Parents Won’t Let Me Be Wiccan
Okay so my parents are strict Christians and my friend is Wiccan and was born in a Wiccan family. I recently reconnected with her from Facebook and did about 6 mo. of research of Wicca and I decided that (since I am not religious as a Christian) I want to be Wiccan. Now my parents won’t let me even look at it on the internet or get a Book of Shadows put together. In my church I feel like I don’t belong but with other Wiccans, my friend took me to a circle once, I felt like I fit in…
I know it’s frustrating to think you can’t express yourself spiritually while in your parents’ home. And there are going to be some restrictions because they’re your parents and they want what’s best for you. But there are things you can do that will strengthen and solidify Wiccan/Pagan practice until you are in a position to do things more ‘actively’:
*Start writing in a journal
*Figure out what you think God is — Wicca might not be the path that matches up with what you believe. It’s better to know what you believe, what your values and things are and then find something that supports or gives clarification for that than to just think, “Well, I don’t feel Christian so I guess I’m Wiccan.”

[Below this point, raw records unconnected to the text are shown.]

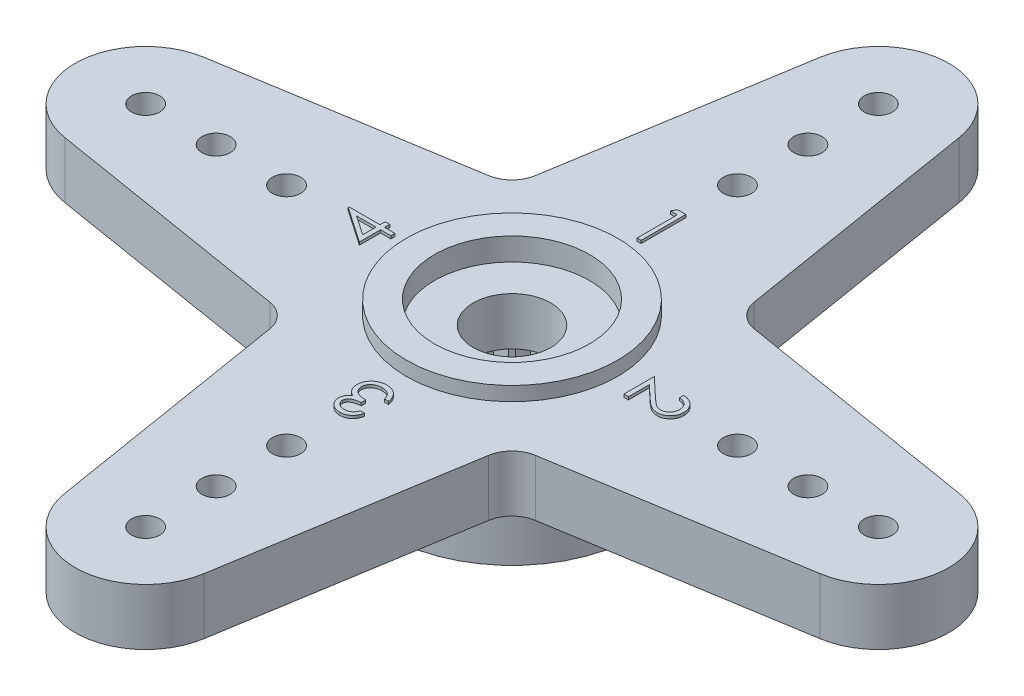
from build123d import *

# Parameters (mm, degrees)
SKETCH1_R           = 0.5
SKETCH1_R_2         = 1.375
BOSS_EXTRUDE1_DEPTH = 2
SKETCH2_R           = 3.75
SKETCH2_R_2         = 2.75
BOSS_EXTRUDE2_DEPTH = 0.5
CUT_EXTRUDE1_START  = -0.8
SKETCH3_R           = 2.75
SKETCH3_R_2         = 1.375
CUT_EXTRUDE1_DEPTH  = 0.8
SKETCH4_R           = 4.5
SKETCH4_R_2         = 2.5
BOSS_EXTRUDE3_DEPTH = 2.5
CUT_EXTRUDE3_START  = -2.5
CUT_EXTRUDE3_DEPTH  = 2.5
BOSS_EXTRUDE4_DEPTH = 0.1
FILLET1_R           = 1


with BuildPart() as part:
    # Sketch1 → Boss-Extrude1 (new body)
    with BuildSketch(Plane(origin=(0, 0, 0), x_dir=(1, 0, 0), z_dir=(0, 1, 0))):
        with BuildLine():
            Line((-4, 4), (-2.467435953, 13.402193757))
            ThreePointArc((-2.467435953, 13.402193757), (0, 15.5), (2.467435953, 13.402193757))
            Line((2.467435953, 13.402193757), (4, 4))
            Line((4, 4), (13.402193757, 2.467435953))
            ThreePointArc((13.402193757, 2.467435953), (15.5, 0), (13.402193757, -2.467435953))
            Line((13.402193757, -2.467435953), (4, -4))
            Line((4, -4), (2.467435953, -13.402193757))
            ThreePointArc((2.467435953, -13.402193757), (0, -15.5), (-2.467435953, -13.402193757))
            Line((-2.467435953, -13.402193757), (-4, -4))
            Line((-4, -4), (-13.402193757, -2.467435953))
            ThreePointArc((-13.402193757, -2.467435953), (-15.5, 0), (-13.402193757, 2.467435953))
            Line((-13.402193757, 2.467435953), (-4, 4))
        make_face()
        with Locations(Location((13, 0, 0), (0, 0, 270))):
            Circle(SKETCH1_R, mode=Mode.SUBTRACT)
        with Locations(Location((10.5, 0, 0), (0, 0, 270))):
            Circle(SKETCH1_R, mode=Mode.SUBTRACT)
        with Locations(Location((8, 0, 0), (0, 0, 270))):
            Circle(SKETCH1_R, mode=Mode.SUBTRACT)
        with Locations(Location((0, 13, 0), (0, 0, 270))):
            Circle(SKETCH1_R, mode=Mode.SUBTRACT)
        with Locations(Location((0, 10.5, 0), (0, 0, 270))):
            Circle(SKETCH1_R, mode=Mode.SUBTRACT)
        with Locations(Location((0, 8, 0), (0, 0, 270))):
            Circle(SKETCH1_R, mode=Mode.SUBTRACT)
        with Locations(Location((0, -13, 0), (0, 0, 270))):
            Circle(SKETCH1_R, mode=Mode.SUBTRACT)
        with Locations(Location((0, -10.5, 0), (0, 0, 270))):
            Circle(SKETCH1_R, mode=Mode.SUBTRACT)
        with Locations(Location((0, -8, 0), (0, 0, 270))):
            Circle(SKETCH1_R, mode=Mode.SUBTRACT)
        with Locations(Location((-13, 0, 0), (0, 0, 270))):
            Circle(SKETCH1_R, mode=Mode.SUBTRACT)
        with Locations(Location((-10.5, 0, 0), (0, 0, 270))):
            Circle(SKETCH1_R, mode=Mode.SUBTRACT)
        with Locations(Location((-8, 0, 0), (0, 0, 270))):
            Circle(SKETCH1_R, mode=Mode.SUBTRACT)
        with Locations(Location((0, 0, 0), (0, 0, 270))):
            Circle(SKETCH1_R_2, mode=Mode.SUBTRACT)
    extrude(amount=BOSS_EXTRUDE1_DEPTH)

    # Sketch2 → Boss-Extrude2 (add)
    with BuildSketch(Plane(origin=(0, 2, 0), x_dir=(1, 0, 0), z_dir=(0, 1, 0))):
        with Locations(Location((0, 0, 0), (0, 0, 270))):
            Circle(SKETCH2_R)
        with Locations(Location((0, 0, 0), (0, 0, 270))):
            Circle(SKETCH2_R_2, mode=Mode.SUBTRACT)
    extrude(amount=BOSS_EXTRUDE2_DEPTH)

    # Sketch3 → Cut-Extrude1 (cut)
    with BuildSketch(Plane(origin=(0, 2.5, 0), x_dir=(1, 0, 0), z_dir=(0, 1, 0)).offset(CUT_EXTRUDE1_START)):
        with Locations(Location((0, 0, 0), (0, 0, 270))):
            Circle(SKETCH3_R)
        with Locations(Location((0, 0, 0), (0, 0, 270))):
            Circle(SKETCH3_R_2, mode=Mode.SUBTRACT)
    extrude(amount=CUT_EXTRUDE1_DEPTH, mode=Mode.SUBTRACT)

    # Sketch4 → Boss-Extrude3 (add)
    with BuildSketch(Plane.XZ):
        with Locations(Location((0, 0, 0), (0, 0, 90))):
            Circle(SKETCH4_R)
        with Locations(Location((0, 0, 0), (0, 0, 270))):
            Circle(SKETCH4_R_2, mode=Mode.SUBTRACT)
    extrude(amount=BOSS_EXTRUDE3_DEPTH)

    # Sketch5 → Cut-Extrude3 (cut)
    with BuildSketch(Plane.XZ.offset(2.5).offset(CUT_EXTRUDE3_START)):
        with BuildLine():
            Line((0.299038106, 2.482050808), (0, 3))
            Line((0, 3), (-0.299038106, 2.482050808))
            ThreePointArc((-0.299038106, 2.482050808), (-0.391086163, 2.469220851), (-0.482593741, 2.452978451))
            Line((-0.482593741, 2.452978451), (-0.927050983, 2.853169549))
            Line((-0.927050983, 2.853169549), (-1.051398019, 2.268162738))
            ThreePointArc((-1.051398019, 2.268162738), (-1.134976249, 2.22751631), (-1.216985951, 2.183791473))
            Line((-1.216985951, 2.183791473), (-1.763355757, 2.427050983))
            Line((-1.763355757, 2.427050983), (-1.70083977, 1.832251096))
            ThreePointArc((-1.70083977, 1.832251096), (-1.767766953, 1.767766953), (-1.832251096, 1.70083977))
            Line((-1.832251096, 1.70083977), (-2.427050983, 1.763355757))
            Line((-2.427050983, 1.763355757), (-2.183791473, 1.216985951))
            ThreePointArc((-2.183791473, 1.216985951), (-2.22751631, 1.134976249), (-2.268162738, 1.051398019))
            Line((-2.268162738, 1.051398019), (-2.853169549, 0.927050983))
            Line((-2.853169549, 0.927050983), (-2.452978451, 0.482593741))
            ThreePointArc((-2.452978451, 0.482593741), (-2.469220851, 0.391086163), (-2.482050808, 0.299038106))
            Line((-2.482050808, 0.299038106), (-3, 0))
            Line((-3, 0), (-2.482050808, -0.299038106))
            ThreePointArc((-2.482050808, -0.299038106), (-2.469220851, -0.391086163), (-2.452978451, -0.482593741))
            Line((-2.452978451, -0.482593741), (-2.853169549, -0.927050983))
            Line((-2.853169549, -0.927050983), (-2.268162738, -1.051398019))
            ThreePointArc((-2.268162738, -1.051398019), (-2.22751631, -1.134976249), (-2.183791473, -1.216985951))
            Line((-2.183791473, -1.216985951), (-2.427050983, -1.763355757))
            Line((-2.427050983, -1.763355757), (-1.832251096, -1.70083977))
            ThreePointArc((-1.832251096, -1.70083977), (-1.767766953, -1.767766953), (-1.70083977, -1.832251096))
            Line((-1.70083977, -1.832251096), (-1.763355757, -2.427050983))
            Line((-1.763355757, -2.427050983), (-1.216985951, -2.183791473))
            ThreePointArc((-1.216985951, -2.183791473), (-1.134976249, -2.22751631), (-1.051398019, -2.268162738))
            Line((-1.051398019, -2.268162738), (-0.927050983, -2.853169549))
            Line((-0.927050983, -2.853169549), (-0.482593741, -2.452978451))
            ThreePointArc((-0.482593741, -2.452978451), (-0.391086163, -2.469220851), (-0.299038106, -2.482050808))
            Line((-0.299038106, -2.482050808), (0, -3))
            Line((0, -3), (0.299038106, -2.482050808))
            ThreePointArc((0.299038106, -2.482050808), (0.391086163, -2.469220851), (0.482593741, -2.452978451))
            Line((0.482593741, -2.452978451), (0.927050983, -2.853169549))
            Line((0.927050983, -2.853169549), (1.051398019, -2.268162738))
            ThreePointArc((1.051398019, -2.268162738), (1.134976249, -2.22751631), (1.216985951, -2.183791473))
            Line((1.216985951, -2.183791473), (1.763355757, -2.427050983))
            Line((1.763355757, -2.427050983), (1.70083977, -1.832251096))
            ThreePointArc((1.70083977, -1.832251096), (1.767766953, -1.767766953), (1.832251096, -1.70083977))
            Line((1.832251096, -1.70083977), (2.427050983, -1.763355757))
            Line((2.427050983, -1.763355757), (2.183791473, -1.216985951))
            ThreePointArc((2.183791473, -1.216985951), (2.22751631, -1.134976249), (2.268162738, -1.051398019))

*Study history, mythology, folklore, psychology, dreams, biology, plants, herbalism, and science
*Spend time in nature – walk through the woods, watch clouds, relax
*Study Christianity and figure out what it is exactly that you don’t agree with. When you have issues with one religion, don’t expect that those issues will just vanish in any other religion you seek to practice. Figure out why you don’t agree with it and what your reasons are.
*Oh, and learn how to meditate.
Six months of study is good, but it’s not enough time to make a serious commitment or solid decision about what you believe. Please also keep in mind, that if you want to join a group you’ll have to wait until you’re 18 anyway because no coven worth the time and commitment will accept anyone under that age for training.
Wicca is not all about what goes into a ‘Book of Shadows’ — you’ve got plenty of study before you start concerning yourself with that. 🙂
Psychic or Witch?
How do you know if you’re psychic or a Witch? I’m not saying I am, I’m just asking like what are the hints you get, ect.?
Also, what’s the deal with avada kadavra?
You’re a psychic if you have psychic experiences that are actual and productive more often than they are wrong. This is very rare as most who claim to be psychic are faking it or deluding themselves.
You’re a Witch if you study and practice Witchcraft. This is also rare as most who claim to be Witches aren’t. Witches aren’t fantasy beings that have nature-defying super-human powers or abilities. That characterization of witches is fun and fictional.
Neither of these has anything to do with Harry Potter other than similar vocabulary.
“Abracadabra” is an actual charm used in healing which goes back to ancient Persia.
“Avada Kedavra” is a term invented by JK Rowling for her books. I see it as a play on “Abracadabra” as well as sneaking in something that sounds like ‘cadaver’ — a dead body — since it’s a death spell.